(Assignment) Report each line of the entries that includes "width" by copying it.
-- Exercise materials follows --
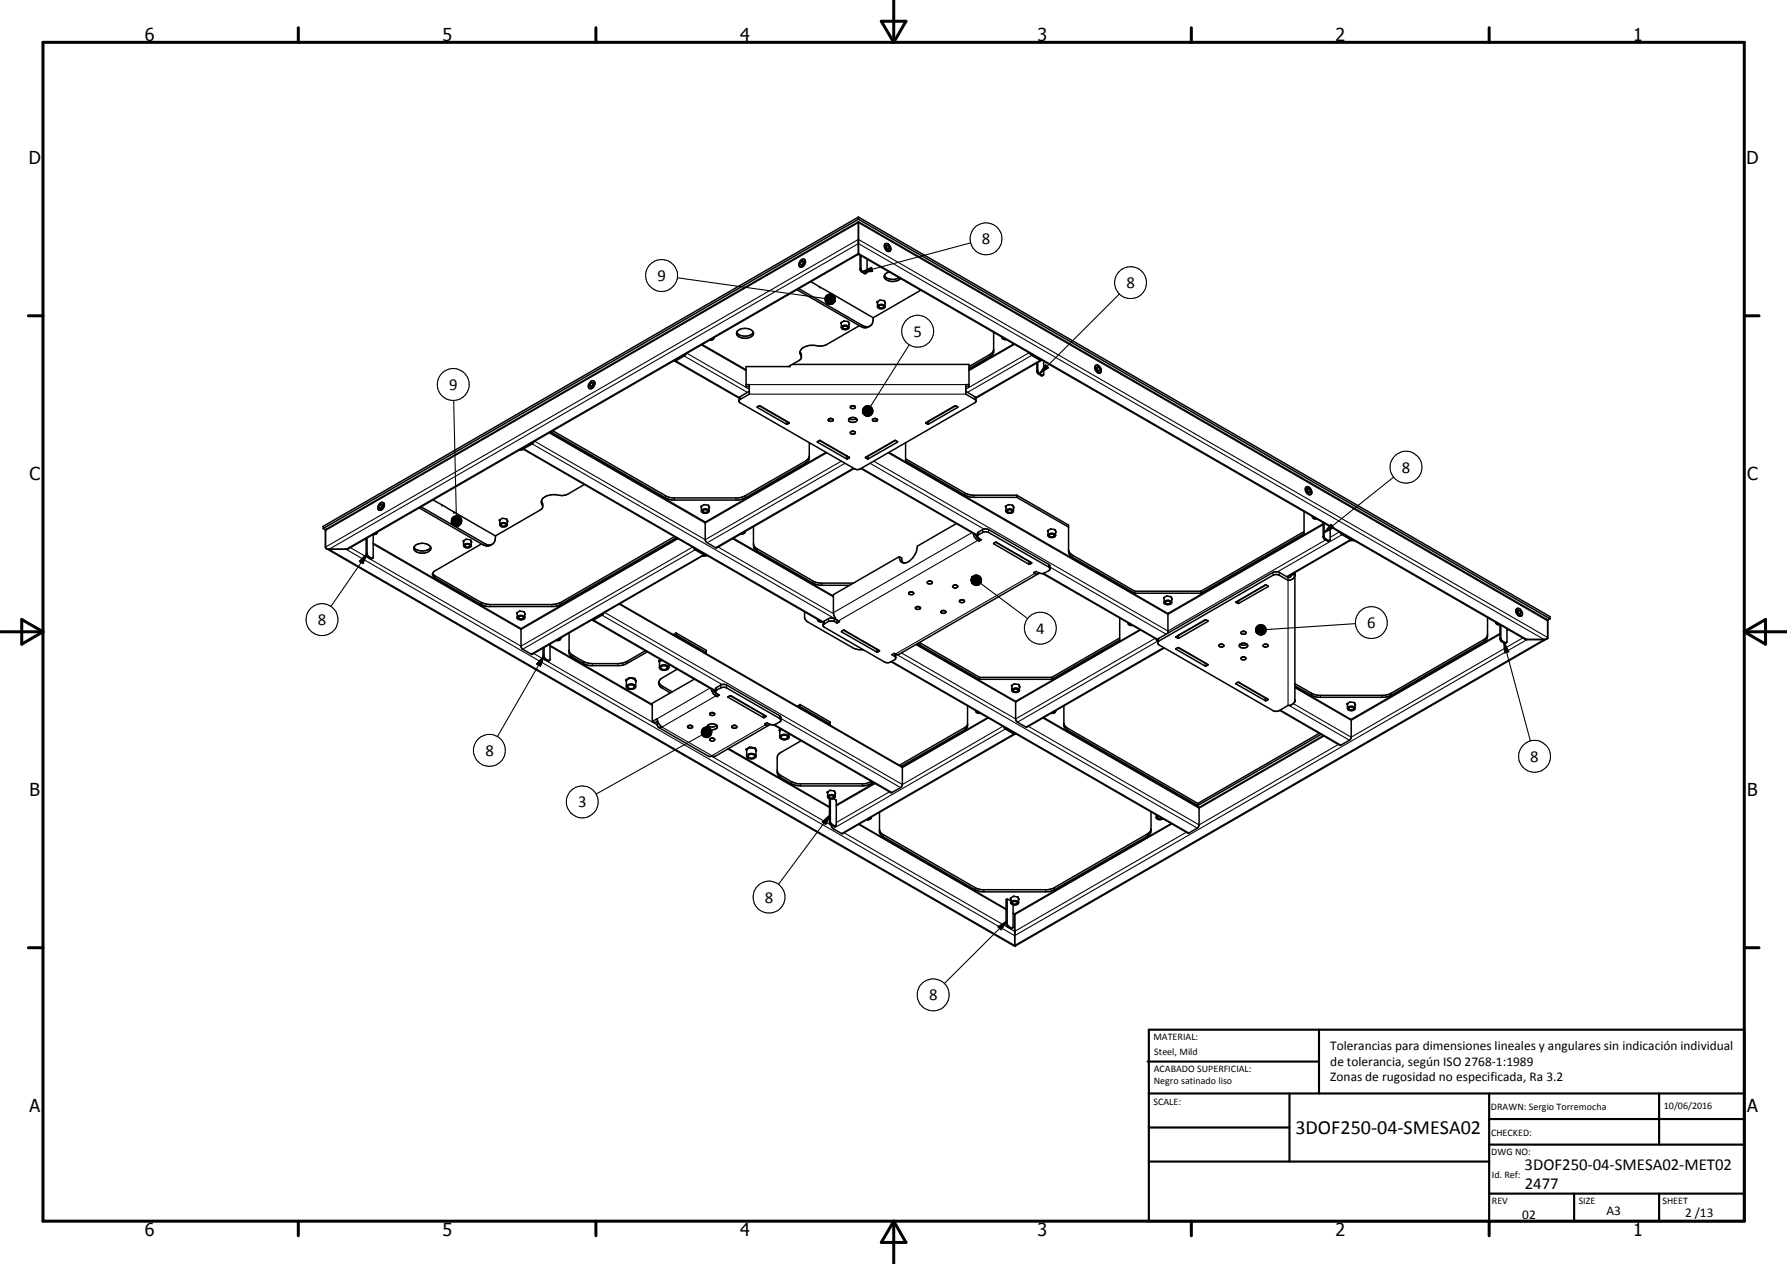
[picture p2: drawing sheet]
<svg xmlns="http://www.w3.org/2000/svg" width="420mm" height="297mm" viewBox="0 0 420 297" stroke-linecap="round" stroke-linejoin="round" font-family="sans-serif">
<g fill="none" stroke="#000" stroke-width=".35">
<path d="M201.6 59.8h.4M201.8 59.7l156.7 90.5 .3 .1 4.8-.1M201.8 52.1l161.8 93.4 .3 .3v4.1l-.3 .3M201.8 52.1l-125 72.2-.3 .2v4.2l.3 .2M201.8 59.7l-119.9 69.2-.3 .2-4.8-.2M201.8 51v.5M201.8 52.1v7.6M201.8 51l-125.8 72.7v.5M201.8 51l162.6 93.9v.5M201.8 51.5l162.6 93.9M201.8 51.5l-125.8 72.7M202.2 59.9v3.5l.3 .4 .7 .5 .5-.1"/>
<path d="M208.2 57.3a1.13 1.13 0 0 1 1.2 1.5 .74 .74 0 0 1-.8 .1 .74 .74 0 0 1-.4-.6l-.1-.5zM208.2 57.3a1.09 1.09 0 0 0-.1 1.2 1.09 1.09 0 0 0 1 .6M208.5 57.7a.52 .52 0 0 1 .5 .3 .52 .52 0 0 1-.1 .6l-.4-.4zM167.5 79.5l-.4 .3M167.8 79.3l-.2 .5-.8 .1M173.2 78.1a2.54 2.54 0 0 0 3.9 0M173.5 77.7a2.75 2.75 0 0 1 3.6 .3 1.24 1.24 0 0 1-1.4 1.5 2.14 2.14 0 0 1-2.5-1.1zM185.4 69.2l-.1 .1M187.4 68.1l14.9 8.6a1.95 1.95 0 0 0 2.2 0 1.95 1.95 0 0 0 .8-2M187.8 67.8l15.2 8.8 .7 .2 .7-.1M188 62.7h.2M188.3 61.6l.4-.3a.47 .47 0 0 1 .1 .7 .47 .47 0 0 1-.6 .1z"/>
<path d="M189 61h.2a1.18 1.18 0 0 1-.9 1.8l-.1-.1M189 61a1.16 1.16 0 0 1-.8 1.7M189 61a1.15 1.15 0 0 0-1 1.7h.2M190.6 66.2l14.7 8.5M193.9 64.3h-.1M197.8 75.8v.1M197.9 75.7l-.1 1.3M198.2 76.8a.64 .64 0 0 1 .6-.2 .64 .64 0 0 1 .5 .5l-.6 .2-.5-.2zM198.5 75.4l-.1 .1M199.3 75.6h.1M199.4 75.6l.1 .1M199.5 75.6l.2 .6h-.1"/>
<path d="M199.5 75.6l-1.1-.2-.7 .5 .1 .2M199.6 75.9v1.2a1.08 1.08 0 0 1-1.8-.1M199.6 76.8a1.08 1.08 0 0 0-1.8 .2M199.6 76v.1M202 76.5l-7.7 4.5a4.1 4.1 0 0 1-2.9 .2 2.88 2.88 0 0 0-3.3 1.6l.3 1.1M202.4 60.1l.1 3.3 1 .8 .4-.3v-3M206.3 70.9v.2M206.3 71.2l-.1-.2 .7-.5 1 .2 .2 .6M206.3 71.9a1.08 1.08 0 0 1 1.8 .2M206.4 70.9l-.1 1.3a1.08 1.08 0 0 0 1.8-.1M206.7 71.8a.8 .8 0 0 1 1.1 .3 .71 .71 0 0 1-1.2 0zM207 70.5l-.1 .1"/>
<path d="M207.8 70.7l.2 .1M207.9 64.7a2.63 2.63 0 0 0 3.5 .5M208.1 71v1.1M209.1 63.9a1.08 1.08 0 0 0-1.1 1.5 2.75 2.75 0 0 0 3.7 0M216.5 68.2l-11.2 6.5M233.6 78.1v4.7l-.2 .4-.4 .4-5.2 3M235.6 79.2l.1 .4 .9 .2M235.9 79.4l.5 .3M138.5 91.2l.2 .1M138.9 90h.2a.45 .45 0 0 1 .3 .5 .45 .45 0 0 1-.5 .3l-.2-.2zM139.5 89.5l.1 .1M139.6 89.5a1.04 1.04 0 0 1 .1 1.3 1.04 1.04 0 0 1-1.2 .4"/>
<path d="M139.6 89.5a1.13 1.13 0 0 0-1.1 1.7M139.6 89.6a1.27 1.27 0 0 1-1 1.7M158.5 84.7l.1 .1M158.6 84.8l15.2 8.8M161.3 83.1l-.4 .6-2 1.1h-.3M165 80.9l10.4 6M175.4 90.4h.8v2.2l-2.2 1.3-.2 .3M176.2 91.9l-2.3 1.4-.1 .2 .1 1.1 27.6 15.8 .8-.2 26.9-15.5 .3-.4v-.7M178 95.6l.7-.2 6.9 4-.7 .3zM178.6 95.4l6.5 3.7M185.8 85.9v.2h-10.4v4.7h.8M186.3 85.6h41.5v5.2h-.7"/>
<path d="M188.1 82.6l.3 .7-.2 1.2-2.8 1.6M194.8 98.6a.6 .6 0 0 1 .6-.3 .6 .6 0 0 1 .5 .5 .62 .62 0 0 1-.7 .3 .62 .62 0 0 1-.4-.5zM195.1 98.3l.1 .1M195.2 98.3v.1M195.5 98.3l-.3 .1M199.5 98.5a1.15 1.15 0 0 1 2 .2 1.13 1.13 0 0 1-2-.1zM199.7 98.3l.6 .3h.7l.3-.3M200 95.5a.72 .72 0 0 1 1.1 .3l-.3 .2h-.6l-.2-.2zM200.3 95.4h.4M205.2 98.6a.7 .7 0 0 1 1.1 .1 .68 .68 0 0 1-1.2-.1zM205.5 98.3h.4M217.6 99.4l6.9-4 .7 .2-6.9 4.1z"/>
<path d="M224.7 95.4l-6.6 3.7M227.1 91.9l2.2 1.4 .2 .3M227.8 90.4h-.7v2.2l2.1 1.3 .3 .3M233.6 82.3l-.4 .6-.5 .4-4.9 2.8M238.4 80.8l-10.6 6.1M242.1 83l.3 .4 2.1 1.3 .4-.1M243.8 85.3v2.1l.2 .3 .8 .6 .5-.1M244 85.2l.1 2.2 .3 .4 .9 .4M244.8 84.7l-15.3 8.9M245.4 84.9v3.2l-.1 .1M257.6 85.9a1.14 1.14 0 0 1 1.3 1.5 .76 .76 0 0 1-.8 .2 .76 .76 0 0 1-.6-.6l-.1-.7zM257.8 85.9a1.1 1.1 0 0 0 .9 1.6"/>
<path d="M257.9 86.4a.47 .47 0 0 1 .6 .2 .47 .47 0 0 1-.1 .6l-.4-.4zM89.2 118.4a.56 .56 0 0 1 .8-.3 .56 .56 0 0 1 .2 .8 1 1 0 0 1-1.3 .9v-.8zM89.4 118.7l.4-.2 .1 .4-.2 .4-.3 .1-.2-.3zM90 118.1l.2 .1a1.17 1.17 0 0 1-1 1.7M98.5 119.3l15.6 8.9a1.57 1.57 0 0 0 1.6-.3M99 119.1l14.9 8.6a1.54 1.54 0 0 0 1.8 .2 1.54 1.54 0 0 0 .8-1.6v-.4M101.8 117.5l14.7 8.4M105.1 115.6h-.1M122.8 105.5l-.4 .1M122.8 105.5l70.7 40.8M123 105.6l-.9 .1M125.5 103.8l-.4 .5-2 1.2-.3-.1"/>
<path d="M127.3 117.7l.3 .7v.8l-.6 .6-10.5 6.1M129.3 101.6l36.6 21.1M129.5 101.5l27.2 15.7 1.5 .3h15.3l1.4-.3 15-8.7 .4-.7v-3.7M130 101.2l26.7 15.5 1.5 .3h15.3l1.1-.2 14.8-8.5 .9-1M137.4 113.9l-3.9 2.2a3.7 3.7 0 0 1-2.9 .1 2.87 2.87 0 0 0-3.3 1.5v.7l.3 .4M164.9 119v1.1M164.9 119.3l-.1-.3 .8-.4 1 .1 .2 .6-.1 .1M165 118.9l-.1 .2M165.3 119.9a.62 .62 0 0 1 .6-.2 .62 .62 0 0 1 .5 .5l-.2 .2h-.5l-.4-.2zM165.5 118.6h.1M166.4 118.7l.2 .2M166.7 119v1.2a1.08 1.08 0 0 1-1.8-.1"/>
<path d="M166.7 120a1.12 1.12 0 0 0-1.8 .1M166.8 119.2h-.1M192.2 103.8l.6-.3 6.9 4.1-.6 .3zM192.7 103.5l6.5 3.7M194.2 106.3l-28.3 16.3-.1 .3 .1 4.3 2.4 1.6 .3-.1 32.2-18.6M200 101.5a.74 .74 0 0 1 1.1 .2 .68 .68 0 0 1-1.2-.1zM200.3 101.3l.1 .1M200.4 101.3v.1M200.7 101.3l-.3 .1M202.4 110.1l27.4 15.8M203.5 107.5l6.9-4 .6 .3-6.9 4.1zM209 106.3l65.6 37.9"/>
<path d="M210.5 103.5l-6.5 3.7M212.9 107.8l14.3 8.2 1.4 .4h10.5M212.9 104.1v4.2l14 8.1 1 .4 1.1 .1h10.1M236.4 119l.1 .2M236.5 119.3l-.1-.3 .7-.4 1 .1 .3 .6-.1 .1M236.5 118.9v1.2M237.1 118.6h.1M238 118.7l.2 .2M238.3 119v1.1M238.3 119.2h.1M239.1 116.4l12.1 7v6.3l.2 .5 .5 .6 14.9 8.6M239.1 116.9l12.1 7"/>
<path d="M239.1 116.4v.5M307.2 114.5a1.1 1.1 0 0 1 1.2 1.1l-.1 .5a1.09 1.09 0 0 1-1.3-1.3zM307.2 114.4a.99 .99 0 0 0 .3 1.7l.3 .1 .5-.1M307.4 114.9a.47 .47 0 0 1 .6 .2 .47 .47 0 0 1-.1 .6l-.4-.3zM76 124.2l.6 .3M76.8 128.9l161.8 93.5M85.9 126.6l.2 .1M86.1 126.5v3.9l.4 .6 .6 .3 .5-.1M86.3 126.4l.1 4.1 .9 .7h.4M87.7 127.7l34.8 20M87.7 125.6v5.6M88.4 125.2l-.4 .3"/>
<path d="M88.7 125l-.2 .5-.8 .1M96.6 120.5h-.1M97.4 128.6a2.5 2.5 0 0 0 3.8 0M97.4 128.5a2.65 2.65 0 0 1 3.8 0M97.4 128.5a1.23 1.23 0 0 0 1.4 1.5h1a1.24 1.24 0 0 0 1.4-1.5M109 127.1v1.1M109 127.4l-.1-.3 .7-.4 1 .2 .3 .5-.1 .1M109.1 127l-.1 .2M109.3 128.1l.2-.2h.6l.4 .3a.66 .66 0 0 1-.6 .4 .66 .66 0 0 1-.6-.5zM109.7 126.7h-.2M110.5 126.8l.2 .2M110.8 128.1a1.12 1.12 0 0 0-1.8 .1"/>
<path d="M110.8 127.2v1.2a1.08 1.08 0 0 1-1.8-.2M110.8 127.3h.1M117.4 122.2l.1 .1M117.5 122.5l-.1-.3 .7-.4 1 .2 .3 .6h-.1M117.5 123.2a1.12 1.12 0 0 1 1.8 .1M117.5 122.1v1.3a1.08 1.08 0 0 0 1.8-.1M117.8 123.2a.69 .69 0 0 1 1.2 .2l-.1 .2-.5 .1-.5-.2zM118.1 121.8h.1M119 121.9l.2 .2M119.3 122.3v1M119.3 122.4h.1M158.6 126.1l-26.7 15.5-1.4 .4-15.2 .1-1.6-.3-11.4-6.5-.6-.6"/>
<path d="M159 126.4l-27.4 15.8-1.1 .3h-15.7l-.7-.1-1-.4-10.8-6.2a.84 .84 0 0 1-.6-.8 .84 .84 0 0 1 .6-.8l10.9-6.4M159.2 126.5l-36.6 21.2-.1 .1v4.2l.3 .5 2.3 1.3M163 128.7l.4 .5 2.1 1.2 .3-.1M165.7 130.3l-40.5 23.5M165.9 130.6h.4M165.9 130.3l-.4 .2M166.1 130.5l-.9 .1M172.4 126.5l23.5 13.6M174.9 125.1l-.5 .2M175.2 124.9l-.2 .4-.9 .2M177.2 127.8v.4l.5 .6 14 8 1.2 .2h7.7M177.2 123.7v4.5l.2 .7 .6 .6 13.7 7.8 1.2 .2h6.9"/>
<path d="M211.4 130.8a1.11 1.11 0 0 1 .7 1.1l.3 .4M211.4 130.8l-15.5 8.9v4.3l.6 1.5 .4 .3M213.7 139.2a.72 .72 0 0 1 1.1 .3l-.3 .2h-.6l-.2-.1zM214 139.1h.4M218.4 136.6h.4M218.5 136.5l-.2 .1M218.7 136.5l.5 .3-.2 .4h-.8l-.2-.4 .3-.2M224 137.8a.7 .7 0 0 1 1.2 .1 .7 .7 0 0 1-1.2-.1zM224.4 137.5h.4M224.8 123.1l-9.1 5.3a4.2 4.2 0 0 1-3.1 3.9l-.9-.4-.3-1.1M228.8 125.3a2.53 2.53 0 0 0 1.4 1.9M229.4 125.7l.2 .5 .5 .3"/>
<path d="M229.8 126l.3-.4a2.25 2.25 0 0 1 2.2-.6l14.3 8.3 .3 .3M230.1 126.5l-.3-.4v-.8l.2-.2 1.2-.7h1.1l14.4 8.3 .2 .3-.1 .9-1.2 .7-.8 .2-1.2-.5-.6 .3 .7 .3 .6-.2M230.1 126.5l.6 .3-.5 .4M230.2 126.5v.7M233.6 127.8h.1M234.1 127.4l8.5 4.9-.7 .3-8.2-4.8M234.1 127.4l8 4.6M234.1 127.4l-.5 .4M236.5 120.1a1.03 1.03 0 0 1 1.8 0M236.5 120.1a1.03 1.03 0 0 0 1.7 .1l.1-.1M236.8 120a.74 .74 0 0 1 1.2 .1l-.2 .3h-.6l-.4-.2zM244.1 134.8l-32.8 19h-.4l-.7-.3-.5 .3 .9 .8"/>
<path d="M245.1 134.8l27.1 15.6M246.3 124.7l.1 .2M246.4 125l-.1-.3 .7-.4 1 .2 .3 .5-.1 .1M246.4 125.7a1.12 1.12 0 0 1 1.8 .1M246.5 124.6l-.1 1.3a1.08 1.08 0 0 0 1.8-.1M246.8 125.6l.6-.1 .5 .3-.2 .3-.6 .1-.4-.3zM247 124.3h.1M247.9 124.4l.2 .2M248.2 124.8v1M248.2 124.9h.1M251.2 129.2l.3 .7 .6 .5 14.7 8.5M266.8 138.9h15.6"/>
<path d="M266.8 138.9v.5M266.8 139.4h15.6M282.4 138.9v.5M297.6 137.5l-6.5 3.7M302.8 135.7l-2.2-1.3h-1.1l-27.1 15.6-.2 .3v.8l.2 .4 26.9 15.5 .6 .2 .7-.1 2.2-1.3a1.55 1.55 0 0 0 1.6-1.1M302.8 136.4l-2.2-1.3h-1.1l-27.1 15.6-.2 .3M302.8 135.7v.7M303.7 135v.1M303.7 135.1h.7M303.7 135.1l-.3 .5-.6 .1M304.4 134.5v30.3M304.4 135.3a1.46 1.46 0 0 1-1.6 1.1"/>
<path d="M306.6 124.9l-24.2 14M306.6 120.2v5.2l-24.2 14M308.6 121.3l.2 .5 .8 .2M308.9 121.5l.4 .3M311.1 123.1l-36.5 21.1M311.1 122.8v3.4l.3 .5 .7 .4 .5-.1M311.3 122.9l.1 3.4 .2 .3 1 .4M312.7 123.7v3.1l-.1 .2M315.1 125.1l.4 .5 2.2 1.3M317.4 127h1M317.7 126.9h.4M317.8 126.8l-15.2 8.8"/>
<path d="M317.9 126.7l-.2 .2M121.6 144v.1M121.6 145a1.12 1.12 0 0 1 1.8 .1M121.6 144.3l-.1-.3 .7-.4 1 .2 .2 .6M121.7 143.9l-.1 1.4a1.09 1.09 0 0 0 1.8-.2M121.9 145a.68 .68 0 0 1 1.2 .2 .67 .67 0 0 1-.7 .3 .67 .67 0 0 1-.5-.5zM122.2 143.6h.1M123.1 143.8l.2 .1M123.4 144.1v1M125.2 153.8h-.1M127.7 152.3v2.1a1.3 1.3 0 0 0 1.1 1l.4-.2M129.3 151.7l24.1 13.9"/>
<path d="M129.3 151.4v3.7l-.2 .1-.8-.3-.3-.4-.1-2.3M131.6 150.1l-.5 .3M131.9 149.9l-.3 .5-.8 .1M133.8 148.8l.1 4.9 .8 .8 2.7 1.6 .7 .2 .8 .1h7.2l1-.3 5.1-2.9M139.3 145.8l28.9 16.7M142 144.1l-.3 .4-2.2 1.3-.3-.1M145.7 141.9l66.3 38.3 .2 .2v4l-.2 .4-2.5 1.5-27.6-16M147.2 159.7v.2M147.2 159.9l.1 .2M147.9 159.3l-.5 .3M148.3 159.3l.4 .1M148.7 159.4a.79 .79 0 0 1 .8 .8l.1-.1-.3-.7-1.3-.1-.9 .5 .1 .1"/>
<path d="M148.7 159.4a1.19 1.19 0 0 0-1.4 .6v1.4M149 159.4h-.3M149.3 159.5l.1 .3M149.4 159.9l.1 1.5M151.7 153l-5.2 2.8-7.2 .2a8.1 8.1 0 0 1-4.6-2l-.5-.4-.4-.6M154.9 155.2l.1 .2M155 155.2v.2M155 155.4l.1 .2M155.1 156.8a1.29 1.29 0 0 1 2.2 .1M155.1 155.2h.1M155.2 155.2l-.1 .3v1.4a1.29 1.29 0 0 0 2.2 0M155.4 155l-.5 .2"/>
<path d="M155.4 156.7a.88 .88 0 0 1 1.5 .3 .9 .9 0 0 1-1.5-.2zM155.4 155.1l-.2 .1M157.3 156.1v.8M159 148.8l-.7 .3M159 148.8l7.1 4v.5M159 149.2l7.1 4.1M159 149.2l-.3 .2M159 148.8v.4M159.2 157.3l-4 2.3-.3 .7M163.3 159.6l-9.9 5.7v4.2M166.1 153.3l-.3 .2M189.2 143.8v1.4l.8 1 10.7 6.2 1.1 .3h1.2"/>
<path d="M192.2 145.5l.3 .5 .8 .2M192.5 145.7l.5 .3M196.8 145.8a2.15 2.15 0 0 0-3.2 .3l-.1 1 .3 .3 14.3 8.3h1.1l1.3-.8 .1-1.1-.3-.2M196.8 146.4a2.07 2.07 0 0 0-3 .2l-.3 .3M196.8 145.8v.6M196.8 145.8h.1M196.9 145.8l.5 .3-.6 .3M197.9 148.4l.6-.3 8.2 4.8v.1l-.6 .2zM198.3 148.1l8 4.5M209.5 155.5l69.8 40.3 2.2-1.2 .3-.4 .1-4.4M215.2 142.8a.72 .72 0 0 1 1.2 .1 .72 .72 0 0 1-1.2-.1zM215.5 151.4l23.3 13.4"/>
-- Exercise materials concluded --
(Result below)
<svg xmlns="http://www.w3.org/2000/svg" width="420mm" height="297mm" viewBox="0 0 420 297" stroke-linecap="round" stroke-linejoin="round" font-family="sans-serif">
<g fill="none" stroke="#000" stroke-width=".35">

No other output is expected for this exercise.